● Stored dataset items
* * * * * * * * *

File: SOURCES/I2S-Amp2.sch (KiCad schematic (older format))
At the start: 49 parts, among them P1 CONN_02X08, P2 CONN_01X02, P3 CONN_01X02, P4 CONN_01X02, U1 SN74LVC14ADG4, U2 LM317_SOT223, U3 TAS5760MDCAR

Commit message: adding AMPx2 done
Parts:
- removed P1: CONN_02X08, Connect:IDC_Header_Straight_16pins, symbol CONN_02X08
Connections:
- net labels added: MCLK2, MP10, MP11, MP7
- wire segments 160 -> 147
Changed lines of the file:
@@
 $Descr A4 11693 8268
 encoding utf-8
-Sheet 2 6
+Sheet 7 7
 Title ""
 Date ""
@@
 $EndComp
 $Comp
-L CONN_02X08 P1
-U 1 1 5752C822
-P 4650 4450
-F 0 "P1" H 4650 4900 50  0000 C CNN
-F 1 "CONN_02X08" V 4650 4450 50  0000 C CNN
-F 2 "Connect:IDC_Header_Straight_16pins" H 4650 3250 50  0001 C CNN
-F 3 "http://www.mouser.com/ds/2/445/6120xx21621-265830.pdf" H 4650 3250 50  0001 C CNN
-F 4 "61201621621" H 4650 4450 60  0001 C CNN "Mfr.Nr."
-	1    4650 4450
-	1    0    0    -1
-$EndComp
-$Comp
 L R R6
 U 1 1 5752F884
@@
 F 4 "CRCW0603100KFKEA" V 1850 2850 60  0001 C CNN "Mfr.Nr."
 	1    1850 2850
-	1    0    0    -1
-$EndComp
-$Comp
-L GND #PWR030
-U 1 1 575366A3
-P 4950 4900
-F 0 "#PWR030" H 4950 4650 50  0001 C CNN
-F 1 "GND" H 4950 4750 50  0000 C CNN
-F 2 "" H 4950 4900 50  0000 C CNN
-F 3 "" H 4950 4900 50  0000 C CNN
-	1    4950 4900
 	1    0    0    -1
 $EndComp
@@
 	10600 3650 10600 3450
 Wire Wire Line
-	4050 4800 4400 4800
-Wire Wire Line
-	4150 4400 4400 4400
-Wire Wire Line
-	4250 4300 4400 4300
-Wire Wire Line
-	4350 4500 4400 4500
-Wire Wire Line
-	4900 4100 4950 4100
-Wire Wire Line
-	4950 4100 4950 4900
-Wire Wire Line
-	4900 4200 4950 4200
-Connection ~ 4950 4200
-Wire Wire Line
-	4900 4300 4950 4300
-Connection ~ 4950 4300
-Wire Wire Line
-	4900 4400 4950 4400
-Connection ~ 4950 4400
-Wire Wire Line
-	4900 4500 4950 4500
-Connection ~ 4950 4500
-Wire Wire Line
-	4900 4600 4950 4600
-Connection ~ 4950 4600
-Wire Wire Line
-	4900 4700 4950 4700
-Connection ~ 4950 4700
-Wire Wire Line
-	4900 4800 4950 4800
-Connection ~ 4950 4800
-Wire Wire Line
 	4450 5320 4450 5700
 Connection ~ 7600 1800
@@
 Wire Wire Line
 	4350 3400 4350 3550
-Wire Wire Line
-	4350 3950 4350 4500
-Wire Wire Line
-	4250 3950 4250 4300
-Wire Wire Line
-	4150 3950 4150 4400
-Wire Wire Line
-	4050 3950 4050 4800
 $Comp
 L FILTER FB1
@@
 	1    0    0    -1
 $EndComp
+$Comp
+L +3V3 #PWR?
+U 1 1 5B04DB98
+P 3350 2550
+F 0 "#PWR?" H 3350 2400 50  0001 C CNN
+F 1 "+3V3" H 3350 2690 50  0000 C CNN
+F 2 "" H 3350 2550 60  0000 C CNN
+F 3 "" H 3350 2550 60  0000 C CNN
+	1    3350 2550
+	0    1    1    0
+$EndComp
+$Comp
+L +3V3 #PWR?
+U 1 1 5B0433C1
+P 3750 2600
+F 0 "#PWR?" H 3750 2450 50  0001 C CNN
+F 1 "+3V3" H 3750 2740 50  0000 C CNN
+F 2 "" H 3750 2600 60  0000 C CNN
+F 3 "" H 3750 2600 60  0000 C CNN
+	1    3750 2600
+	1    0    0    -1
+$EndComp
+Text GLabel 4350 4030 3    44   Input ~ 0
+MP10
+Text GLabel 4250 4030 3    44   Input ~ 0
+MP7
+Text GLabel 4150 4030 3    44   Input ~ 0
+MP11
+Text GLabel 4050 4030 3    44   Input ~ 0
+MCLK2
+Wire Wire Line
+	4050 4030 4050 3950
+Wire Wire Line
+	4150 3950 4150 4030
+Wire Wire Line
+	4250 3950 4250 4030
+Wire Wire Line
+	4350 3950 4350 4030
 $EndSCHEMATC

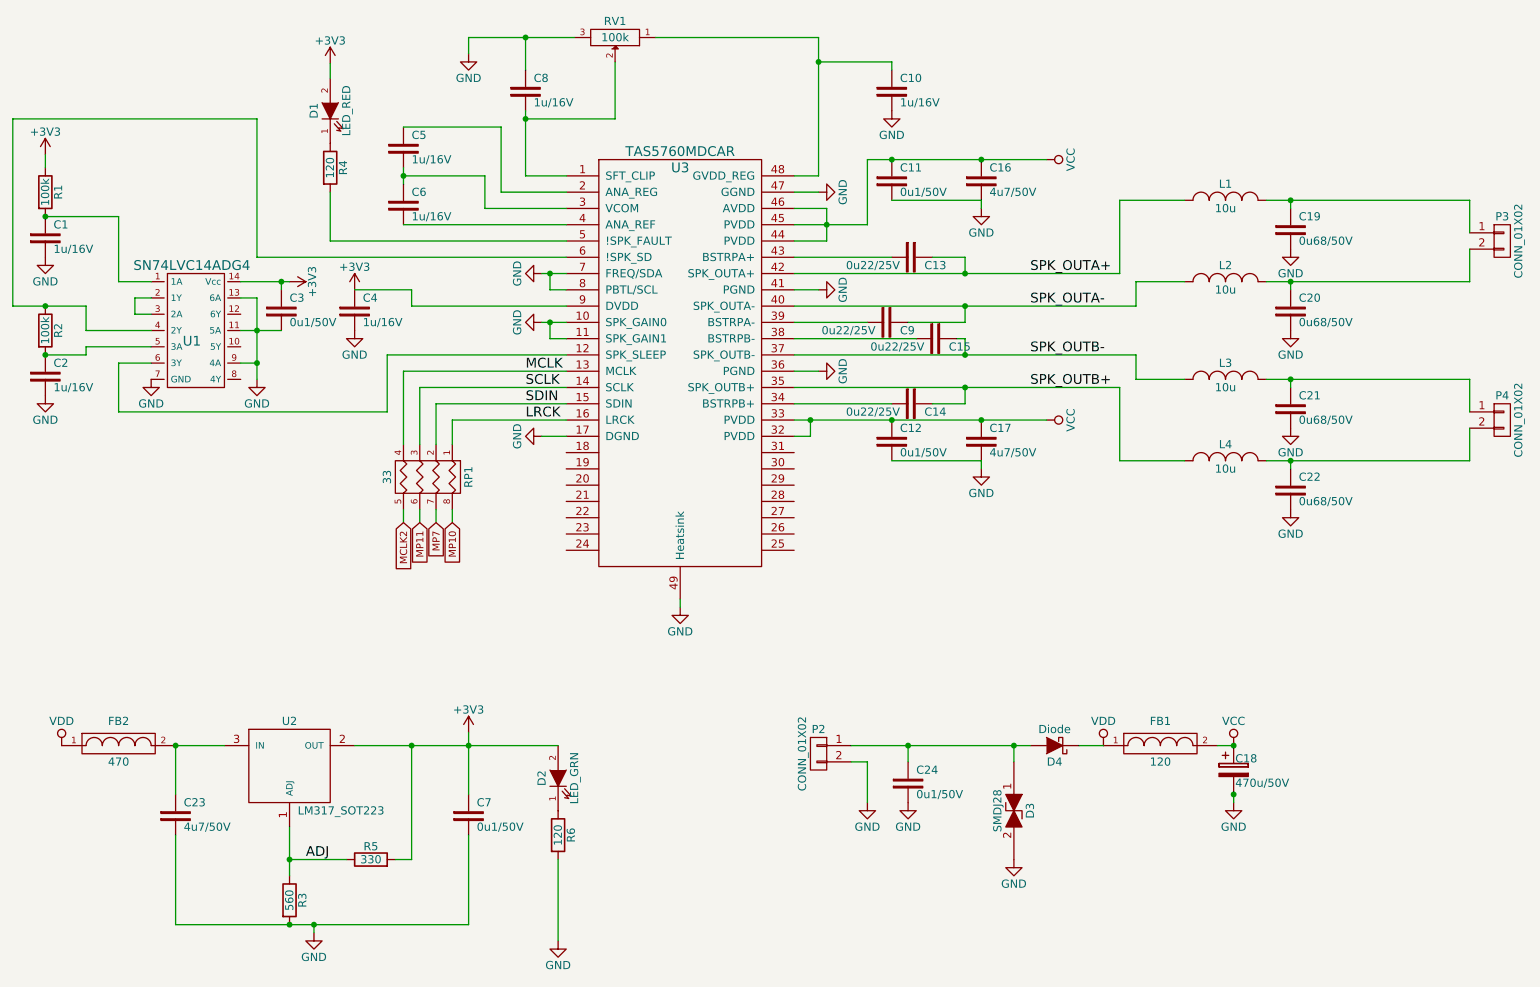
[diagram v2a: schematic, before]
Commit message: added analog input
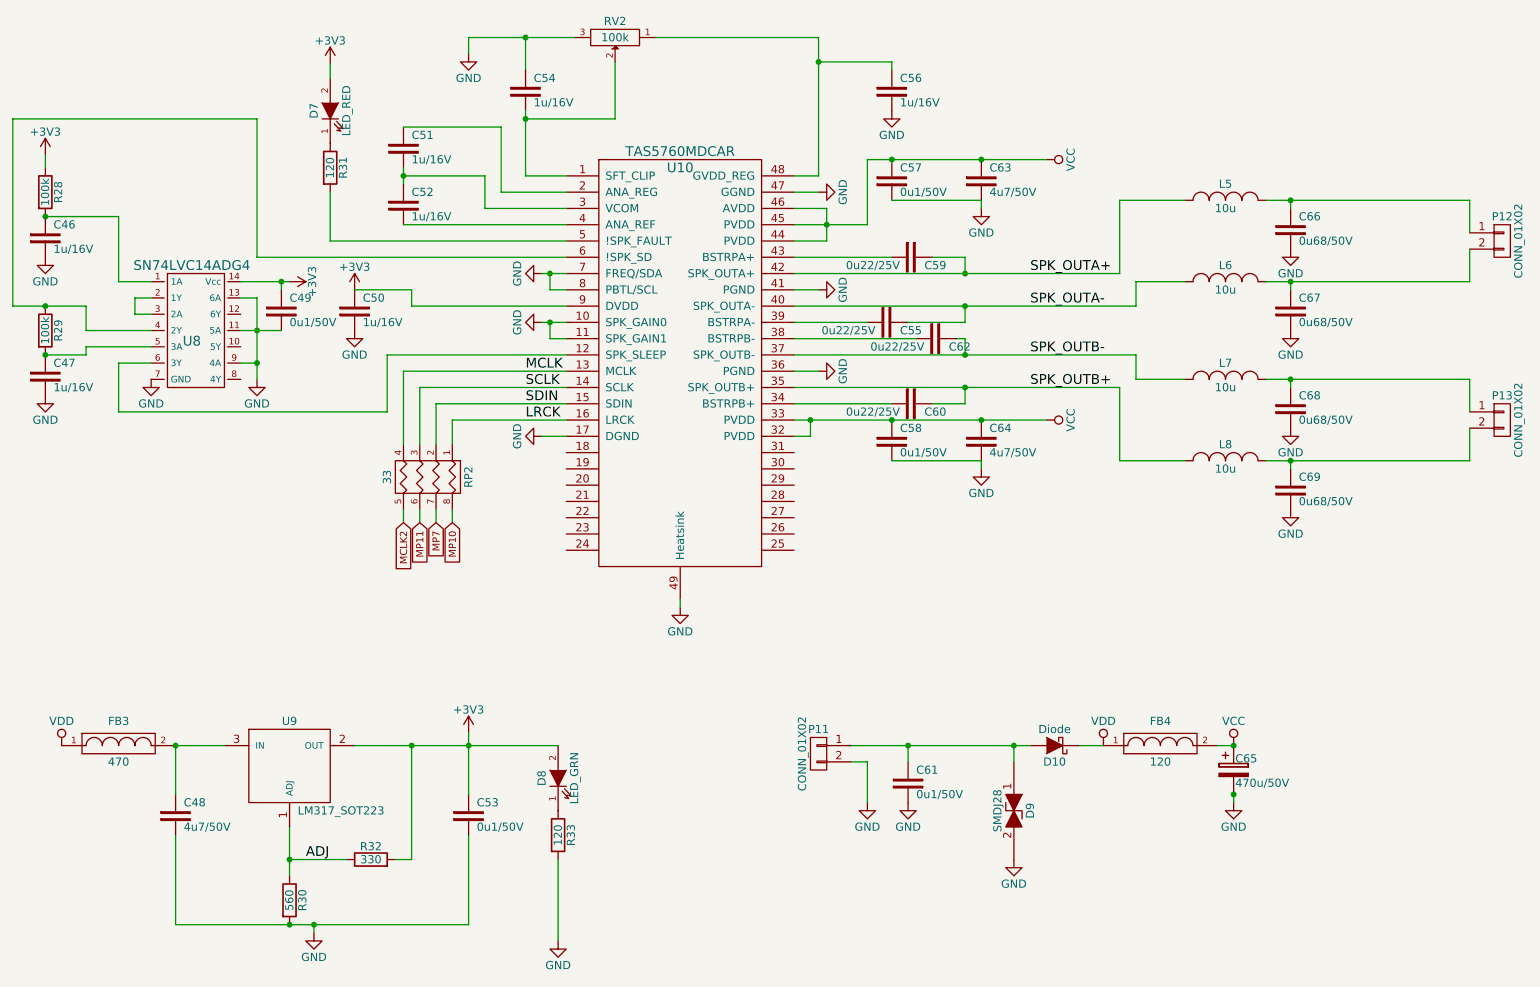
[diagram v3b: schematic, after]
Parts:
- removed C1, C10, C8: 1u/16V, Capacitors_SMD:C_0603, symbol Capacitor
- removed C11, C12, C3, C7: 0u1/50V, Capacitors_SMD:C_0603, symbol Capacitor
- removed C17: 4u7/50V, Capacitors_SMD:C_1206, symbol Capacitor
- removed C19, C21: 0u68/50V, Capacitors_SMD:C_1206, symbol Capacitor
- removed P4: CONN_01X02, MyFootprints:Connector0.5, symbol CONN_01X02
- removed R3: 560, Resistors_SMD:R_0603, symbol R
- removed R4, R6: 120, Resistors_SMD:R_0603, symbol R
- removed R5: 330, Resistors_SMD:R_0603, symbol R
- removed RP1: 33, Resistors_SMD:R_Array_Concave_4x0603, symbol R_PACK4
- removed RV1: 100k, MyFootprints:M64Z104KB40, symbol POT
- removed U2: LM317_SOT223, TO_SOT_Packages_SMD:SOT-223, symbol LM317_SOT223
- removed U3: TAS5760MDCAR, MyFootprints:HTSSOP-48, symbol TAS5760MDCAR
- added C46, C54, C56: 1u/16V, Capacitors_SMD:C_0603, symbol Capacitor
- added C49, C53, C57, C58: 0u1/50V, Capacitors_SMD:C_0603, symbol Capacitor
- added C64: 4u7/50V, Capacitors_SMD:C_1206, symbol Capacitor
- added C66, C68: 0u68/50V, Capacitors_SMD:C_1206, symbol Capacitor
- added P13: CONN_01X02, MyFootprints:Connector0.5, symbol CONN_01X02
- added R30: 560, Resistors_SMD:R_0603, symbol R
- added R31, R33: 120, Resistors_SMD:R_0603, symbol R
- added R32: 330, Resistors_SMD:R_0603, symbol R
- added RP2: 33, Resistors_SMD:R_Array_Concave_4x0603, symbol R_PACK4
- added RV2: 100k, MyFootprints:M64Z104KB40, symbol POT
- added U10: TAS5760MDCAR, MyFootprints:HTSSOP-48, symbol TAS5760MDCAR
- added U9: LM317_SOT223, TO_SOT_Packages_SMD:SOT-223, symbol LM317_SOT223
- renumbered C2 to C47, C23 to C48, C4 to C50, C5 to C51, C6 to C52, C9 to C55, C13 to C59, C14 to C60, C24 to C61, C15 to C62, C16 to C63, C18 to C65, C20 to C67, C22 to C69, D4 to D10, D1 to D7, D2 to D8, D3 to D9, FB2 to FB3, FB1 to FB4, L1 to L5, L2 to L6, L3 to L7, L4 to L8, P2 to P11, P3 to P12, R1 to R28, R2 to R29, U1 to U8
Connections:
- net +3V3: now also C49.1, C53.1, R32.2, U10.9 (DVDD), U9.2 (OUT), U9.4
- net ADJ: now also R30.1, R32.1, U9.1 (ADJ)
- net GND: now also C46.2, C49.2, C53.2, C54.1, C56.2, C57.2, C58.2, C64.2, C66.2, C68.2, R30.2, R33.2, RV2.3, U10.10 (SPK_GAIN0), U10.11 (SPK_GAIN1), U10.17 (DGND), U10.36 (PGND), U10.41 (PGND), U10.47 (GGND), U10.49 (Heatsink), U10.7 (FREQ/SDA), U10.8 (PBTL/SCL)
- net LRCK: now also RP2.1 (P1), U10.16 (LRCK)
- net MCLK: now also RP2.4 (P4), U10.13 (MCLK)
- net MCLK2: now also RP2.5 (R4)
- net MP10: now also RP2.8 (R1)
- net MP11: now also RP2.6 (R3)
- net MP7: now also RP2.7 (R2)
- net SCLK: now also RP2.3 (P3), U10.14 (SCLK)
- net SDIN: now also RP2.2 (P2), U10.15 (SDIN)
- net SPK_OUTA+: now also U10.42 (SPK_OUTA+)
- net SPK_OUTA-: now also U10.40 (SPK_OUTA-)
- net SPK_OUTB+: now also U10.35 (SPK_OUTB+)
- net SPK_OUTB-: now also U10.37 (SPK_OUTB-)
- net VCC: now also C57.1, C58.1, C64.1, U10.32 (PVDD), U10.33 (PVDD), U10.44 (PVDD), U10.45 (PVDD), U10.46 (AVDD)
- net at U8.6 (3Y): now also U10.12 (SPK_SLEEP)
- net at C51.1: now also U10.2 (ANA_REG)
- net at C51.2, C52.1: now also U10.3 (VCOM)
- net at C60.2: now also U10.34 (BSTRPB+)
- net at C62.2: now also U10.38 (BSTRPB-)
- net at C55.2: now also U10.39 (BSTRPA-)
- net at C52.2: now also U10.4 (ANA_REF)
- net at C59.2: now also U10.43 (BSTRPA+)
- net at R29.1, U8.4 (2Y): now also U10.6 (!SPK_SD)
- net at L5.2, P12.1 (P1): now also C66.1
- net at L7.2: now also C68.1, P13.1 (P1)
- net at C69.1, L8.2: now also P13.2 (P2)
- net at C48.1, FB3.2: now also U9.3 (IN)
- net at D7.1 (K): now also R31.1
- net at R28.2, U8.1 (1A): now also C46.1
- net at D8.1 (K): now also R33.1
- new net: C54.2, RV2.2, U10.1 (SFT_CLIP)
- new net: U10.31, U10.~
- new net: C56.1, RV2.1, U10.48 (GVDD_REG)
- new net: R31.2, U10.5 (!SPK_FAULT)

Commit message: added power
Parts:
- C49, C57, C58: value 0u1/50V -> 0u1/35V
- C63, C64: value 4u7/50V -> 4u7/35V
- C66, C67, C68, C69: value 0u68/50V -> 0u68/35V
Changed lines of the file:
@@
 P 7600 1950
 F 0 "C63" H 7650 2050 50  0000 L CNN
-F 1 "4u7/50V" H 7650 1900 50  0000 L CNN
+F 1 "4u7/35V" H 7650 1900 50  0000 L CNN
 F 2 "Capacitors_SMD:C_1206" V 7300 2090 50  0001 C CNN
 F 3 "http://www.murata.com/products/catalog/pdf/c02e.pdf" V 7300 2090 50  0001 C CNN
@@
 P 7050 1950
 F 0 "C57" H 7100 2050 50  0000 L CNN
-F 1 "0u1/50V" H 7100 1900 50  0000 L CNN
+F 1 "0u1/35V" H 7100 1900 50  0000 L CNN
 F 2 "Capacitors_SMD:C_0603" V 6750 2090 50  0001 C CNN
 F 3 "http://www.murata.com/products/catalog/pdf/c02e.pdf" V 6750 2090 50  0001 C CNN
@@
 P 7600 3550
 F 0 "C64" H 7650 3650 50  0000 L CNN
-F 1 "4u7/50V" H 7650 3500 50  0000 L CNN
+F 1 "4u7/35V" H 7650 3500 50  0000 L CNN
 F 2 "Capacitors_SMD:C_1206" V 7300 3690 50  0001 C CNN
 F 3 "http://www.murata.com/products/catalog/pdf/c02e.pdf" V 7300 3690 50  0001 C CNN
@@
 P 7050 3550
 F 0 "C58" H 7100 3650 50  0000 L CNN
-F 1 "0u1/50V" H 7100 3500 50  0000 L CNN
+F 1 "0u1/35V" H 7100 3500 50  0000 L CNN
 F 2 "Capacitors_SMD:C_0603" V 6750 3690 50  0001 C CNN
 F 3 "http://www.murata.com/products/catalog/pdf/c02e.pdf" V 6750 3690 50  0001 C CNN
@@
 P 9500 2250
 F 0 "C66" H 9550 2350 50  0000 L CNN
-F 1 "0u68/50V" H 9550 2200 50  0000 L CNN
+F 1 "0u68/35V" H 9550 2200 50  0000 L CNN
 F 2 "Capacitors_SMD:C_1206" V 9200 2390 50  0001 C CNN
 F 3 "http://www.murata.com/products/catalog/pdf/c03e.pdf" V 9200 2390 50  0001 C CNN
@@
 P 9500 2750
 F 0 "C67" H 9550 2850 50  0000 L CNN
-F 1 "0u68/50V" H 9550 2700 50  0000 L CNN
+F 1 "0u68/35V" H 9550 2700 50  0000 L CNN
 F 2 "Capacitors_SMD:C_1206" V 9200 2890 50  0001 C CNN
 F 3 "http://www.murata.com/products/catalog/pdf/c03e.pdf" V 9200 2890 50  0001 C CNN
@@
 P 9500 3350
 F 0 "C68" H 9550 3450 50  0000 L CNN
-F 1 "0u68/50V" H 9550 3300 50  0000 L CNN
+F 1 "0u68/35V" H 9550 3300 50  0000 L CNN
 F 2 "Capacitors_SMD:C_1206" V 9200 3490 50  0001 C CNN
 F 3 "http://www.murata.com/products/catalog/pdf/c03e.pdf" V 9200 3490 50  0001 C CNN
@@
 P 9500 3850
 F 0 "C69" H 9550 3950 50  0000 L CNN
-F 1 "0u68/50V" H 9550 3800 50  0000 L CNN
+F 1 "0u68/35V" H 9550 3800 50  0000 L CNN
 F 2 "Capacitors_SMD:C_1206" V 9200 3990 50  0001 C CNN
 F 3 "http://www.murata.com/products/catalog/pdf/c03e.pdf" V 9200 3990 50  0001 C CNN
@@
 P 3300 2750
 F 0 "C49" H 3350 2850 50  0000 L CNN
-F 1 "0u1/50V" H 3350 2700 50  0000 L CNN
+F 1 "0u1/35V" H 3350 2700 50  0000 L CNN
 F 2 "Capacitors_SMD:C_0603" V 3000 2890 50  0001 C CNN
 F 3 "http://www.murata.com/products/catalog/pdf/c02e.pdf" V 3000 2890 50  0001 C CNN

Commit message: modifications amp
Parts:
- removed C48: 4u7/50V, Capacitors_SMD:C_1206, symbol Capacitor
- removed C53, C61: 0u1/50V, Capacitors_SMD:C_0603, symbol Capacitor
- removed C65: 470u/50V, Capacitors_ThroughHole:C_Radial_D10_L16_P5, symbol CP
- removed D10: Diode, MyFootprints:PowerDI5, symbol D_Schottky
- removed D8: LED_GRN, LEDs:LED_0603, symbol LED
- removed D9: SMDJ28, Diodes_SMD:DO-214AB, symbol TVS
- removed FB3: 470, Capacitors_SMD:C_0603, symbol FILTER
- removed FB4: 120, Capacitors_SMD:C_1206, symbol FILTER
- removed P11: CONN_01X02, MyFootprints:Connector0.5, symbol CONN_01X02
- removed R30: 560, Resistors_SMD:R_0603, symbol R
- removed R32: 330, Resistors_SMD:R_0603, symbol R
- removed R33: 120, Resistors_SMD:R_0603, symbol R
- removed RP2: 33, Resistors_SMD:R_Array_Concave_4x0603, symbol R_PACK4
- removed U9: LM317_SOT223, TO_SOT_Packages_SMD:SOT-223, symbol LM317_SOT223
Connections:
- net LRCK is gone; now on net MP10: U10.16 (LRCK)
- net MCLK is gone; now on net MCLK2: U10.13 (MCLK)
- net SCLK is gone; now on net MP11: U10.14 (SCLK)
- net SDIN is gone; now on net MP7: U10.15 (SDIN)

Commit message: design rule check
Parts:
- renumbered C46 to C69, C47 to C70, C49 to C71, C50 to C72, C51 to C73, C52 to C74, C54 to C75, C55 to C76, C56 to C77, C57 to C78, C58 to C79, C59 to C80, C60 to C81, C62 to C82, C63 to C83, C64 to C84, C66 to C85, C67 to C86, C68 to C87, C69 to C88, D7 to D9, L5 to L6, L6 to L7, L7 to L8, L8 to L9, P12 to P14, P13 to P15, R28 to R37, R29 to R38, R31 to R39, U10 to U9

* * * * * * * * *

● EXERCISE PROMPT
The entries above hold the needed span. Transcribe exactly the lines from the one with "- removed R5: 330, Resistors_SMD:R_0603, symbol" to the one with "C58: 0u1/50V, Capacitors_SMD:C_0603, symbol Capacitor", both included.

● WRITTEN RESPONSE
- removed R5: 330, Resistors_SMD:R_0603, symbol R
- removed RP1: 33, Resistors_SMD:R_Array_Concave_4x0603, symbol R_PACK4
- removed RV1: 100k, MyFootprints:M64Z104KB40, symbol POT
- removed U2: LM317_SOT223, TO_SOT_Packages_SMD:SOT-223, symbol LM317_SOT223
- removed U3: TAS5760MDCAR, MyFootprints:HTSSOP-48, symbol TAS5760MDCAR
- added C46, C54, C56: 1u/16V, Capacitors_SMD:C_0603, symbol Capacitor
- added C49, C53, C57, C58: 0u1/50V, Capacitors_SMD:C_0603, symbol Capacitor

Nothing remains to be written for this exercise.